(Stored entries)
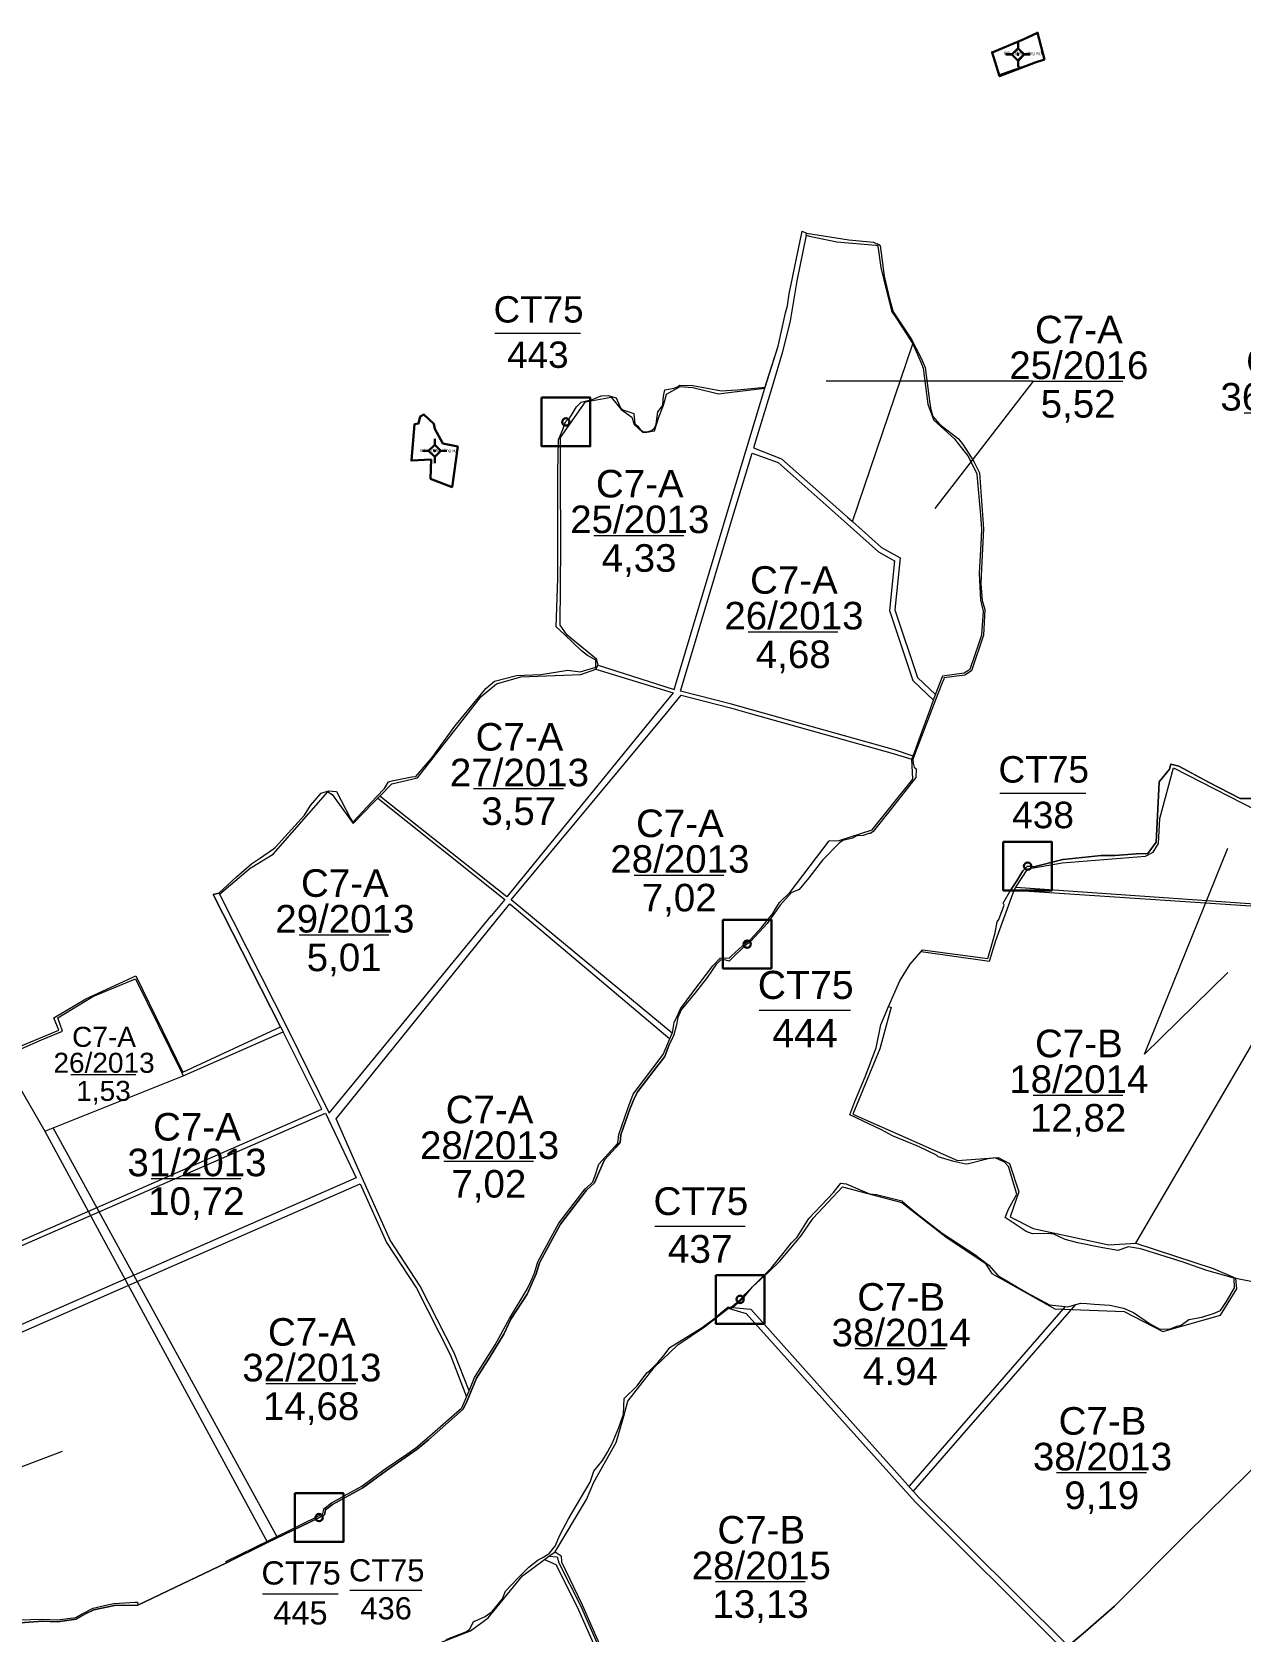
# Model space of a CAD drawing. Header units: metres. Extents: x 420698 to 426937, y 1527080 to 1530908.
# Drawn here: x 424281 to 425524, y 1529055 to 1530700 of the extents above; entities that cross this region are included whole.
import ezdxf
from ezdxf.enums import TextEntityAlignment as Align

# ---------------------------------------------------------------- set-up
doc = ezdxf.new("R2010")
doc.units = ezdxf.units.M
doc.header["$MEASUREMENT"] = 0
doc.linetypes.add('DGN Style 1', pattern=[5.902559, 0.009821, -5.892738])
doc.layers.add('RanhTwo', color=3, linetype='Continuous', lineweight=0)
doc.styles.add('Style-Arial', font='arial.ttf')

# ---------------------------------------------------------------- blocks, each defined once
blk = doc.blocks.new('*U0')
at = {"color": 0, "linetype": 'Continuous', "lineweight": -2, "ltscale": 10, "flags": 128}
blk.add_lwpolyline([(-150, 150), (150, 150), (150, -150), (-150, -150), (-150, 150)], close=True, dxfattribs=at)
at = {"color": 0, "linetype": 'Continuous', "lineweight": -2, "ltscale": 10}
blk.add_circle((-0.02828, 0.016065), 22.5, dxfattribs=at)
blk = doc.blocks.new('*U31')
at = {"layer": 'RanhTwo', "color": 3, "linetype": 'Continuous', "lineweight": 13}
blk.add_line((-66.520877, -1.660429), (63.750129, -1.660429), dxfattribs=at)
at = {"layer": 'RanhTwo', "color": 3, "linetype": 'Continuous', "lineweight": 13, "style": 'Style-Arial'}
blk.add_text('13,13', height=40, dxfattribs=at).set_placement((-1.025137, -54.422685), align=Align.CENTER)
at = {"layer": 'RanhTwo', "color": 3, "linetype": 'Continuous', "lineweight": 13, "insert": (-0.000029, 1.089388), "char_height": 40, "attachment_point": 8, "line_spacing_factor": 0.776524, "style": 'Style-Arial'}
blk.add_mtext('C7-B\\P28/2015', dxfattribs=at)
blk = doc.blocks.new('*U35')
at = {"layer": 'RanhTwo', "color": 3, "linetype": 'Continuous', "lineweight": 13}
blk.add_line((-66.520877, -1.660429), (63.750129, -1.660429), dxfattribs=at)
at = {"layer": 'RanhTwo', "color": 3, "linetype": 'Continuous', "lineweight": 13, "style": 'Style-Arial'}
blk.add_text('4.94', height=40, dxfattribs=at).set_placement((-1.025137, -54.422685), align=Align.CENTER)
at = {"layer": 'RanhTwo', "color": 3, "linetype": 'Continuous', "lineweight": 13, "insert": (-0.000029, 1.089388), "char_height": 40, "attachment_point": 8, "line_spacing_factor": 0.776524, "style": 'Style-Arial'}
blk.add_mtext('C7-B\\P38/2014', dxfattribs=at)
blk = doc.blocks.new('*U36')
at = {"layer": 'RanhTwo', "color": 3, "linetype": 'Continuous', "lineweight": 13}
blk.add_line((-66.520877, -1.660429), (63.750129, -1.660429), dxfattribs=at)
at = {"layer": 'RanhTwo', "color": 3, "linetype": 'Continuous', "lineweight": 13, "style": 'Style-Arial'}
blk.add_text('9,19', height=40, dxfattribs=at).set_placement((-1.025137, -54.422685), align=Align.CENTER)
at = {"layer": 'RanhTwo', "color": 3, "linetype": 'Continuous', "lineweight": 13, "insert": (-0.000029, 1.089388), "char_height": 40, "attachment_point": 8, "line_spacing_factor": 0.776524, "style": 'Style-Arial'}
blk.add_mtext('C7-B\\P38/2013', dxfattribs=at)
blk = doc.blocks.new('*U37')
at = {"layer": 'RanhTwo', "color": 3, "linetype": 'Continuous', "lineweight": 13}
blk.add_line((-66.520877, -1.660429), (63.750129, -1.660429), dxfattribs=at)
at = {"layer": 'RanhTwo', "color": 3, "linetype": 'Continuous', "lineweight": 13, "style": 'Style-Arial'}
blk.add_text('12,82', height=40, dxfattribs=at).set_placement((-1.025137, -54.422685), align=Align.CENTER)
at = {"layer": 'RanhTwo', "color": 3, "linetype": 'Continuous', "lineweight": 13, "insert": (-0.000029, 1.089388), "char_height": 40, "attachment_point": 8, "line_spacing_factor": 0.776524, "style": 'Style-Arial'}
blk.add_mtext('C7-B\\P18/2014', dxfattribs=at)
blk = doc.blocks.new('*U41')
at = {"layer": 'RanhTwo', "color": 3, "linetype": 'Continuous', "lineweight": 13}
blk.add_line((-66.520877, -1.660429), (63.750129, -1.660429), dxfattribs=at)
at = {"layer": 'RanhTwo', "color": 3, "linetype": 'Continuous', "lineweight": 13, "style": 'Style-Arial'}
blk.add_text('4,61', height=40, dxfattribs=at).set_placement((-1.025137, -54.422685), align=Align.CENTER)
at = {"layer": 'RanhTwo', "color": 3, "linetype": 'Continuous', "lineweight": 13, "insert": (-0.000029, 1.089388), "char_height": 40, "attachment_point": 8, "line_spacing_factor": 0.776524, "style": 'Style-Arial'}
blk.add_mtext('C7-B\\P36/2013', dxfattribs=at)
blk = doc.blocks.new('*U54')
at = {"layer": 'RanhTwo', "color": 3, "linetype": 'Continuous', "lineweight": 13}
blk.add_line((-66.520877, -1.660429), (63.750129, -1.660429), dxfattribs=at)
at = {"layer": 'RanhTwo', "color": 3, "linetype": 'Continuous', "lineweight": 13, "style": 'Style-Arial'}
blk.add_text('5,52', height=40, dxfattribs=at).set_placement((-1.025137, -54.422685), align=Align.CENTER)
at = {"layer": 'RanhTwo', "color": 3, "linetype": 'Continuous', "lineweight": 13, "insert": (-0.000029, 1.089388), "char_height": 40, "attachment_point": 8, "line_spacing_factor": 0.776524, "style": 'Style-Arial'}
blk.add_mtext('C7-A\\P25/2016', dxfattribs=at)
blk = doc.blocks.new('*U55')
at = {"layer": 'RanhTwo', "color": 3, "linetype": 'Continuous', "lineweight": 13}
blk.add_line((-66.520877, -1.660429), (63.750129, -1.660429), dxfattribs=at)
at = {"layer": 'RanhTwo', "color": 3, "linetype": 'Continuous', "lineweight": 13, "style": 'Style-Arial'}
blk.add_text('4,33', height=40, dxfattribs=at).set_placement((-1.025137, -54.422685), align=Align.CENTER)
at = {"layer": 'RanhTwo', "color": 3, "linetype": 'Continuous', "lineweight": 13, "insert": (-0.000029, 1.089388), "char_height": 40, "attachment_point": 8, "line_spacing_factor": 0.776524, "style": 'Style-Arial'}
blk.add_mtext('C7-A\\P25/2013', dxfattribs=at)
blk = doc.blocks.new('*U56')
at = {"layer": 'RanhTwo', "color": 3, "linetype": 'Continuous', "lineweight": 13}
blk.add_line((-66.520877, -1.660429), (63.750129, -1.660429), dxfattribs=at)
at = {"layer": 'RanhTwo', "color": 3, "linetype": 'Continuous', "lineweight": 13, "style": 'Style-Arial'}
blk.add_text('4,68', height=40, dxfattribs=at).set_placement((-1.025137, -54.422685), align=Align.CENTER)
at = {"layer": 'RanhTwo', "color": 3, "linetype": 'Continuous', "lineweight": 13, "insert": (-0.000029, 1.089388), "char_height": 40, "attachment_point": 8, "line_spacing_factor": 0.776524, "style": 'Style-Arial'}
blk.add_mtext('C7-A\\P26/2013', dxfattribs=at)
blk = doc.blocks.new('*U57')
at = {"layer": 'RanhTwo', "color": 3, "linetype": 'Continuous', "lineweight": 13}
blk.add_line((-66.520877, -1.660429), (63.750129, -1.660429), dxfattribs=at)
at = {"layer": 'RanhTwo', "color": 3, "linetype": 'Continuous', "lineweight": 13, "style": 'Style-Arial'}
blk.add_text('3,57', height=40, dxfattribs=at).set_placement((-1.025137, -54.422685), align=Align.CENTER)
at = {"layer": 'RanhTwo', "color": 3, "linetype": 'Continuous', "lineweight": 13, "insert": (-0.000029, 1.089388), "char_height": 40, "attachment_point": 8, "line_spacing_factor": 0.776524, "style": 'Style-Arial'}
blk.add_mtext('C7-A\\P27/2013', dxfattribs=at)
blk = doc.blocks.new('*U58')
at = {"layer": 'RanhTwo', "color": 3, "linetype": 'Continuous', "lineweight": 13}
blk.add_line((-66.520877, -1.660429), (63.750129, -1.660429), dxfattribs=at)
at = {"layer": 'RanhTwo', "color": 3, "linetype": 'Continuous', "lineweight": 13, "style": 'Style-Arial'}
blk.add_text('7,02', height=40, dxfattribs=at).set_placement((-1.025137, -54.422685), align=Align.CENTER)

=== WHAT TO PRODUCE ===
Search the lines above for the string "ltscale" and copy each line that has it.

=== OUTPUT OF THE TASK ===
at = {"color": 0, "linetype": 'Continuous', "lineweight": -2, "ltscale": 10, "flags": 128}
at = {"color": 0, "linetype": 'Continuous', "lineweight": -2, "ltscale": 10}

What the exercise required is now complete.